=== LISTED RECORDS ===
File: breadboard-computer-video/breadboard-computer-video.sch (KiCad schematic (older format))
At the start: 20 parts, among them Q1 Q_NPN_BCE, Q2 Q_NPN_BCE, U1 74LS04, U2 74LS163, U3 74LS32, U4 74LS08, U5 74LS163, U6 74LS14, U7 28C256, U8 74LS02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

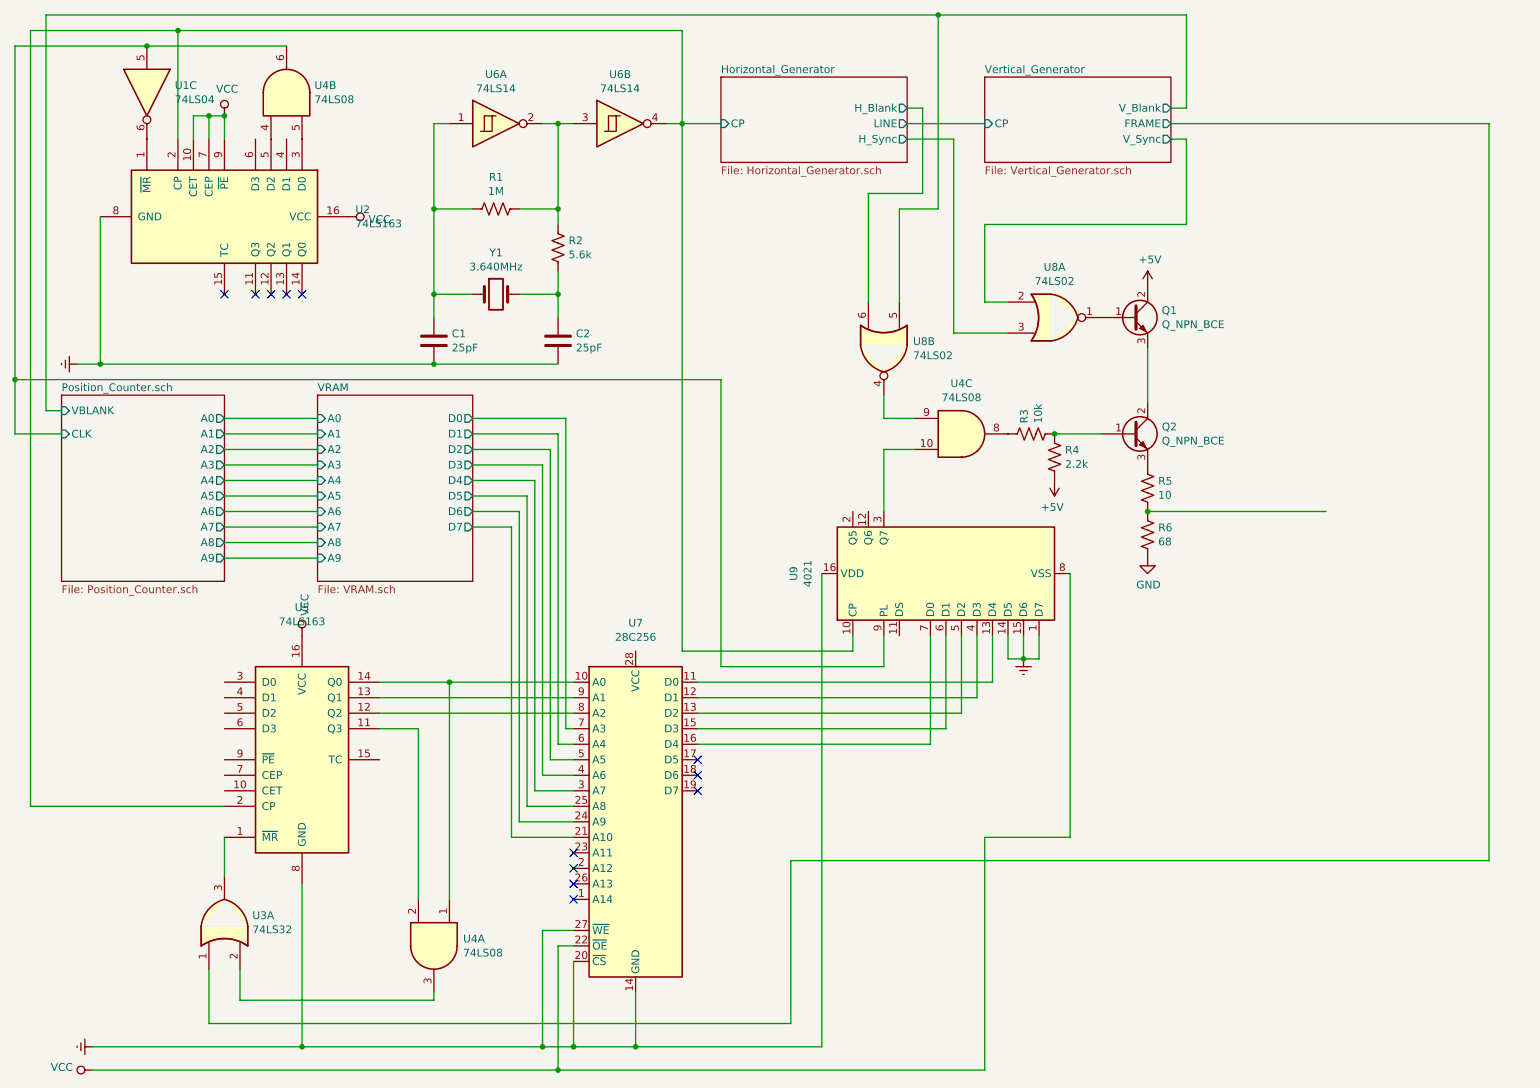
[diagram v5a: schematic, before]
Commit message: Eliminated a redundant 74ls163, which was only necessary when the character cells were not of equal width and height
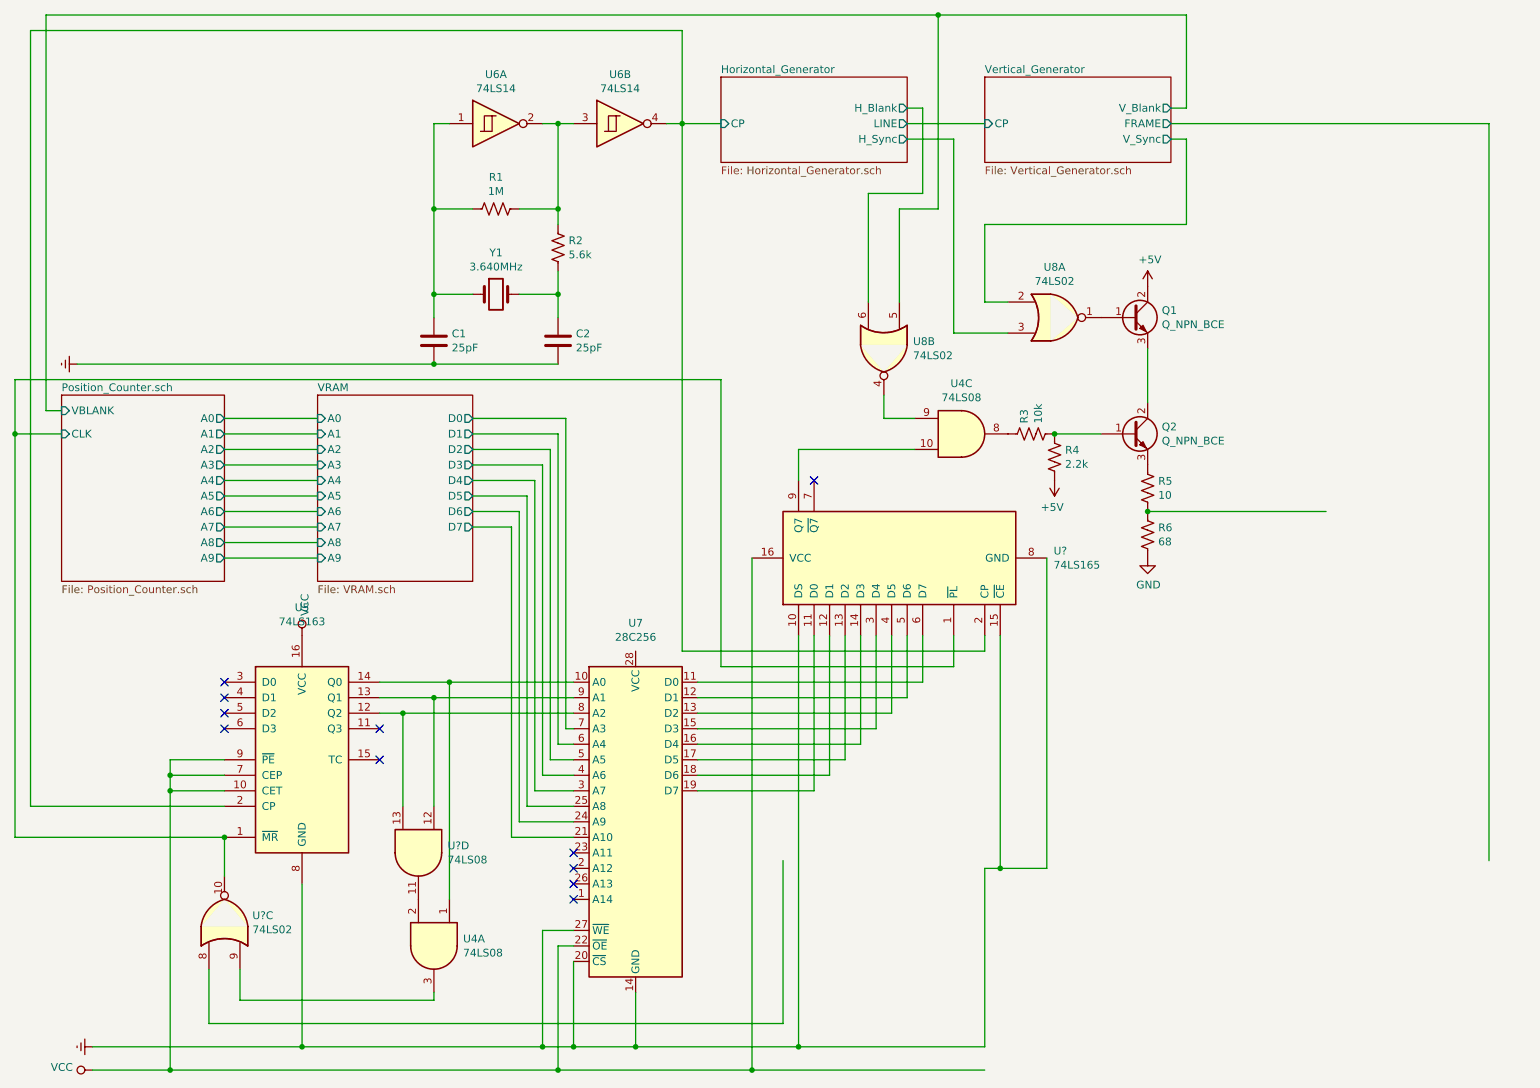
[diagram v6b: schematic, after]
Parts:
- removed U1: 74LS04, symbol 74xx:74LS04
- removed U2: 74LS163, symbol 74xx:74LS163
- removed U3: 74LS32, symbol 74xx:74LS32
- removed unit 2 of U4
- removed U9: 4021, symbol 4xxx:4021
- added U?: 74LS02, symbol 74xx:74LS02
- added U?: 74LS08, symbol 74xx:74LS08
- added U?: 74LS165, symbol 74xx:74LS165
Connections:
- net Earth: now also U?.10 (DS), U?.15 (~CE), U?.8 (GND)
- net Horizontal_Generator/CP: now also U?.2 (CP)
- net Position_Counter.sch/CLK: now also U5.1 (~MR), U?.1 (~PL), U?.10
- net VCC: now also U5.10 (CET), U5.7 (CEP), U5.9 (~PE), U?.16 (VCC)
- net at U7.11 (D0): now also U?.6 (D7)
- net at U4.10: now also U?.9 (Q7)
- net at U7.12 (D1): now also U?.5 (D6)
- net at U7.13 (D2): now also U?.4 (D5)
- net at U7.15 (D3): now also U?.3 (D4)
- net at U7.16 (D4): now also U?.14 (D3)
- net at U4.2: now also U?.11; no longer U5.11 (Q3)
- net at U4.3: now also U?.9
- net at U5.12 (Q2), U7.8 (A2): now also U?.13
- net at U5.13 (Q1), U7.9 (A1): now also U?.12
- net at U7.17 (D5): now also U?.13 (D2)
- net at U7.18 (D6): now also U?.12 (D1)
- net at U7.19 (D7): now also U?.11 (D0)
- no-connect marks 12 -> 11
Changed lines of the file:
@@
 $EndComp
-Wire Wire Line
-	5000 5200 6900 5200
-Wire Wire Line
-	5000 5300 6800 5300
-Wire Wire Line
-	5000 5400 6700 5400
-Wire Wire Line
-	5000 5500 6600 5500
 Wire Wire Line
 	4200 5200 3400 5200
@@
 $EndComp
 Wire Wire Line
-	2950 5500 3200 5500
-Wire Wire Line
-	3200 5500 3200 6600
-Wire Wire Line
 	8050 1600 10100 1600
 Wire Wire Line
 	10100 1600 10100 6350
 Wire Wire Line
-	10100 6350 5600 6350
-Wire Wire Line
-	5600 6350 5600 7400
-Wire Wire Line
-	5600 7400 1850 7400
+	5550 6350 5550 7400
+Wire Wire Line
+	5550 7400 1850 7400
 Wire Wire Line
 	1850 7400 1850 7050
@@
 Wire Wire Line
 	1950 6200 1950 6450
-$Comp
-L 74xx:74LS32 U3
-U 1 1 5DC0297B
-P 1950 6750
-F 0 "U3" V 1996 6570 50  0000 R CNN
-F 1 "74LS32" V 1905 6570 50  0000 R CNN
-F 2 "" H 1950 6750 50  0001 C CNN
-F 3 "http://www.ti.com/lit/gpn/sn74LS32" H 1950 6750 50  0001 C CNN
-	1    1950 6750
-	0    -1   -1   0
-$EndComp
 Wire Wire Line
 	2050 7050 2050 7250
@@
 Wire Wire Line
 	4900 1600 4900 1000
-Wire Wire Line
-	4900 1000 1650 1000
 Wire Wire Line
 	700  1000 700  6000
@@
 	3400 6600 3400 5400
 Wire Wire Line
-	6000 5000 4900 5000
-Wire Wire Line
 	4900 5000 4900 1600
 Wire Wire Line
-	2950 5400 4200 5400
-Wire Wire Line
-	2950 5300 3400 5300
+	2950 5400 3100 5400
+Wire Wire Line
+	2950 5300 3300 5300
 Connection ~ 3400 5200
 Wire Wire Line
@@
 $EndComp
 Wire Wire Line
-	5000 5600 6500 5600
-NoConn ~ 5000 5900
-NoConn ~ 5000 5800
-NoConn ~ 5000 5700
-Wire Wire Line
 	3550 3500 4150 3500
 Wire Wire Line
@@
 Connection ~ 2450 7550
 Wire Wire Line
-	2450 7550 1100 7550
-Wire Wire Line
-	6500 4900 6500 5600
-Wire Wire Line
-	6600 4900 6600 5500
-Wire Wire Line
-	6700 4900 6700 5400
-Wire Wire Line
-	6800 4900 6800 5300
-Wire Wire Line
-	6900 5200 6900 4900
-Wire Wire Line
-	6000 4900 6000 5000
-Wire Wire Line
-	4600 7550 5800 7550
-$Comp
-L 4xxx:4021 U9
-U 1 1 5D92BCAE
-P 6600 4500
-F 0 "U9" H 6600 5481 50  0000 C CNN
-F 1 "4021" H 6600 5390 50  0000 C CNN
-F 2 "" H 6600 4650 50  0001 C CNN
-F 3 "https://assets.nexperia.com/documents/data-sheet/HEF4021B.pdf" H 6600 4650 50  0001 C CNN
-	1    6600 4500
-	0    -1   -1   0
-$EndComp
-Wire Wire Line
-	5800 4500 5800 7550
-Wire Wire Line
 	4200 6900 4100 6900
 Wire Wire Line
@@
 	4000 7550 4200 7550
 Wire Wire Line
-	6850 7700 4100 7700
-Wire Wire Line
-	6850 7700 6850 6200
-Wire Wire Line
-	6850 6200 7400 6200
-Wire Wire Line
-	7400 6200 7400 4500
+	6850 7700 5350 7700
 Wire Wire Line
 	4100 6900 4100 7700
 Connection ~ 4100 7700
 Wire Wire Line
-	4100 7700 1100 7700
+	4100 7700 1600 7700
 $Comp
 L power:VCC #PWR?
@@
 Wire Wire Line
 	800  3450 900  3450
-$Comp
-L 74xx:74LS163 U2
-U 1 1 5E36C15A
-P 1950 2200
-F 0 "U2" V 1904 3044 50  0000 L CNN
-F 1 "74LS163" V 1995 3044 50  0000 L CNN
-F 2 "" H 1950 2200 50  0001 C CNN
-F 3 "http://www.ti.com/lit/gpn/sn74LS163" H 1950 2200 50  0001 C CNN
-	1    1950 2200
-	0    1    1    0
-$EndComp
-Wire Wire Line
-	1650 1700 1650 1000
-Connection ~ 1650 1000
-Wire Wire Line
-	1650 1000 700  1000
-$Comp
-L 74xx:74LS08 U4
-U 2 1 5E37DDE5
-P 2350 1400
-F 0 "U4" V 2396 1220 50  0000 R CNN
-F 1 "74LS08" V 2305 1220 50  0000 R CNN
-F 2 "" H 2350 1400 50  0001 C CNN
-F 3 "http://www.ti.com/lit/gpn/sn74LS08" H 2350 1400 50  0001 C CNN
-	2    2350 1400
-	0    -1   -1   0
-$EndComp
-Wire Wire Line
-	2350 1100 1450 1100
-Wire Wire Line
-	1450 1100 600  1100
 Wire Wire Line
 	600  3600 900  3600
-Connection ~ 1450 1100
-NoConn ~ 2450 2700
-NoConn ~ 2350 2700
-NoConn ~ 2250 2700
-NoConn ~ 2150 2700
-NoConn ~ 1950 2700
-$Comp
-L 74xx:74LS04 U1
-U 3 1 5E3AF993
-P 1450 1400
-F 0 "U1" V 1404 1580 50  0000 L CNN
-F 1 "74LS04" V 1495 1580 50  0000 L CNN
-F 2 "" H 1450 1400 50  0001 C CNN
-F 3 "http://www.ti.com/lit/gpn/sn74LS04" H 1450 1400 50  0001 C CNN
-	3    1450 1400
-	0    1    1    0
-$EndComp
-$Comp
-L power:VCC #PWR?
-U 1 1 5E3BFB68
-P 1950 1550
-F 0 "#PWR?" H 1950 1400 50  0001 C CNN
-F 1 "VCC" H 1967 1723 50  0000 C CNN
-F 2 "" H 1950 1550 50  0001 C CNN
-F 3 "" H 1950 1550 50  0001 C CNN
-	1    1950 1550
-	1    0    0    -1
-$EndComp
-Wire Wire Line
-	1950 1550 1850 1550
-Wire Wire Line
-	1750 1550 1750 1700
-Wire Wire Line
-	1850 1700 1850 1550
-Connection ~ 1850 1550
-Wire Wire Line
-	1850 1550 1750 1550
-Wire Wire Line
-	1950 1550 1950 1700
-Connection ~ 1950 1550
-$Comp
-L power:Earth #PWR?
-U 1 1 5E3D9597
-P 7100 5050
-F 0 "#PWR?" H 7100 4800 50  0001 C CNN
-F 1 "Earth" H 7100 4900 50  0001 C CNN
-F 2 "" H 7100 5050 50  0001 C CNN
-F 3 "~" H 7100 5050 50  0001 C CNN
-	1    7100 5050
-	1    0    0    -1
-$EndComp
-Wire Wire Line
-	7100 5050 7100 4900
-Wire Wire Line
-	7000 4900 7000 5050
-Wire Wire Line
-	7000 5050 7100 5050
-Connection ~ 7100 5050
-Wire Wire Line
-	7100 5050 7200 5050
-Wire Wire Line
-	7200 5050 7200 4900
-Wire Wire Line
-	6200 4900 6200 5100
-Wire Wire Line
-	6200 5100 5150 5100
+Wire Wire Line
+	6650 5100 5150 5100
 Wire Wire Line
 	3550 4200 3800 4200
@@
 	5150 3250 5150 5100
 Wire Wire Line
-	600  1100 600  3250
-Wire Wire Line
 	600  3250 600  3600
-Connection ~ 600  3250
 Wire Wire Line
 	1950 3500 2550 3500
@@
 	4100 3150 3300 3150
 Connection ~ 3300 3150
-Wire Wire Line
-	3300 3150 1150 3150
-Connection ~ 1150 3150
-Wire Wire Line
-	1150 3150 1000 3150
-Wire Wire Line
-	1150 2200 1150 3150
 $Comp
 L power:Earth #PWR?
@@
 $EndComp
 $Comp
-L power:VCC #PWR?
-U 1 1 5E98E66C
-P 2750 2200
-F 0 "#PWR?" H 2750 2050 50  0001 C CNN
-F 1 "VCC" V 2767 2328 50  0000 L CNN
-F 2 "" H 2750 2200 50  0001 C CNN
-F 3 "" H 2750 2200 50  0001 C CNN
-	1    2750 2200
-	0    1    1    0
-$EndComp
-$Comp
 L 74xx:74LS08 U4
 U 3 1 5E99B421
@@
 $EndComp
 Wire Wire Line
-	6400 3700 6200 3700
-Wire Wire Line
-	6200 3700 6200 4100
-Wire Wire Line
 	6200 3350 6200 3500
 Wire Wire Line
@@
 	1    0    0    -1
 $EndComp
+$Comp
+L 74xx:74LS02 U?
+U 3 1 5DC8E486
+P 1950 6750
+F 0 "U?" V 1996 6570 50  0000 R CNN
+F 1 "74LS02" V 1905 6570 50  0000 R CNN
+F 2 "" H 1950 6750 50  0001 C CNN
+F 3 "http://www.ti.com/lit/gpn/sn74ls02" H 1950 6750 50  0001 C CNN
+	3    1950 6750
+	0    -1   -1   0
+$EndComp
+NoConn ~ 1950 5500
+NoConn ~ 1950 5400
+NoConn ~ 1950 5300
+NoConn ~ 1950 5200
+Wire Wire Line
+	1950 5700 1600 5700
+Wire Wire Line
+	1600 5700 1600 5800
+Connection ~ 1600 7700
+Wire Wire Line
+	1600 7700 1100 7700
+NoConn ~ 2950 5700
+$Comp
+L 74xx:74LS08 U?
+U 4 1 5DCE6604
+P 3200 6300
+F 0 "U?" V 3154 6488 50  0000 L CNN
+F 1 "74LS08" V 3245 6488 50  0000 L CNN
+F 2 "" H 3200 6300 50  0001 C CNN
+F 3 "http://www.ti.com/lit/gpn/sn74LS08" H 3200 6300 50  0001 C CNN
+	4    3200 6300
+	0    1    1    0
+$EndComp
+Wire Wire Line
+	3100 6000 3100 5400
+Connection ~ 3100 5400
+Wire Wire Line
+	3100 5400 4200 5400
+Wire Wire Line
+	3300 6000 3300 5300
+Connection ~ 3300 5300
+Wire Wire Line
+	3300 5300 3400 5300
+Wire Wire Line
+	5000 5400 6250 5400
+Wire Wire Line
+	5000 5500 6150 5500
+Wire Wire Line
+	5000 5600 6050 5600
+Wire Wire Line
+	5000 5700 5950 5700
+Wire Wire Line
+	5000 5800 5850 5800
+Wire Wire Line
+	5000 5900 5750 5900
+$Comp
+L 74xx:74LS165 U?
+U 1 1 5DD7AB27
+P 6250 4400
+F 0 "U?" V 6296 3356 50  0000 R CNN
+F 1 "74LS165" V 6205 3356 50  0000 R CNN
+F 2 "" H 6250 4400 50  0001 C CNN
+F 3 "http://www.ti.com/lit/gpn/sn74LS165" H 6250 4400 50  0001 C CNN
+	1    6250 4400
+	0    -1   -1   0
+$EndComp
+Wire Wire Line
+	5000 5200 6450 5200
+Wire Wire Line
+	5000 5300 6350 5300
+Wire Wire Line
+	6650 4900 6650 5100
+Wire Wire Line
+	5750 5900 5750 4900
+Wire Wire Line
+	5850 5800 5850 4900
+Wire Wire Line
+	5950 5700 5950 4900
+Wire Wire Line
+	6350 4900 6350 5300
+Wire Wire Line
+	6250 4900 6250 5400
+Wire Wire Line
+	6850 4900 6850 5000
+Wire Wire Line
+	6450 5200 6450 4900
+Wire Wire Line
+	6050 4900 6050 5600
+Wire Wire Line
+	6150 4900 6150 5500
+Wire Wire Line
+	6850 5000 4900 5000
+Wire Wire Line
+	5650 3700 5650 3900
+Wire Wire Line
+	5650 3700 6400 3700
+Wire Wire Line
+	6850 7550 6850 6400
+Wire Wire Line
+	4600 7550 5650 7550
+Wire Wire Line
+	5350 7700 5350 4400
+Connection ~ 5350 7700
+Wire Wire Line
+	5350 7700 4100 7700
+Wire Wire Line
+	7250 4400 7250 6400
+Wire Wire Line
+	6850 6400 6950 6400
+Wire Wire Line
+	5650 4900 5650 7550
+Connection ~ 5650 7550
+Wire Wire Line
+	5650 7550 6850 7550
+Wire Wire Line
+	6950 4900 6950 6400
+Connection ~ 6950 6400
+Wire Wire Line
+	6950 6400 7250 6400
+NoConn ~ 5750 3900
+Wire Wire Line
+	1100 7550 2450 7550
+Wire Wire Line
+	1600 5800 1950 5800
+Connection ~ 1600 5800
+Wire Wire Line
+	1600 5800 1600 5900
+Wire Wire Line
+	1600 5900 1950 5900
+Connection ~ 1600 5900
+Wire Wire Line
+	1600 5900 1600 7700
+Wire Wire Line
+	700  1000 4900 1000
+Wire Wire Line
+	1000 3150 3300 3150
+Wire Wire Line
+	600  3600 600  6200
+Wire Wire Line
+	600  6200 1950 6200
+Connection ~ 600  3600
+Connection ~ 1950 6200
+NoConn ~ 2950 5500
 $EndSCHEMATC

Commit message: various things
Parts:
- Y1: value 3.640MHz -> 12MHz
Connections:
- net Vertical_Generator/FRAME: now also U?.8
- net CVBS_Output: now reaches R5.2, R6.1
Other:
- moved on the sheet: C1, C2, R1, R2, U6A, U6B, Y1
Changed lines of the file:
@@
 L Device:C C1
 U 1 1 5D9AD126
-P 3300 3000
-F 0 "C1" H 3415 3046 50  0000 L CNN
-F 1 "25pF" H 3415 2955 50  0000 L CNN
-F 2 "" H 3338 2850 50  0001 C CNN
-F 3 "~" H 3300 3000 50  0001 C CNN
-	1    3300 3000
+P 3200 3000
+F 0 "C1" H 3315 3046 50  0000 L CNN
+F 1 "25pF" H 3315 2955 50  0000 L CNN
+F 2 "" H 3238 2850 50  0001 C CNN
+F 3 "~" H 3200 3000 50  0001 C CNN
+	1    3200 3000
 	1    0    0    -1
 $EndComp
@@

=== PROBLEM STATEMENT ===
Using the entries above, count the lines that have the string "symbol" in them. Answer with that number only.

=== TASK RESPONSE ===
7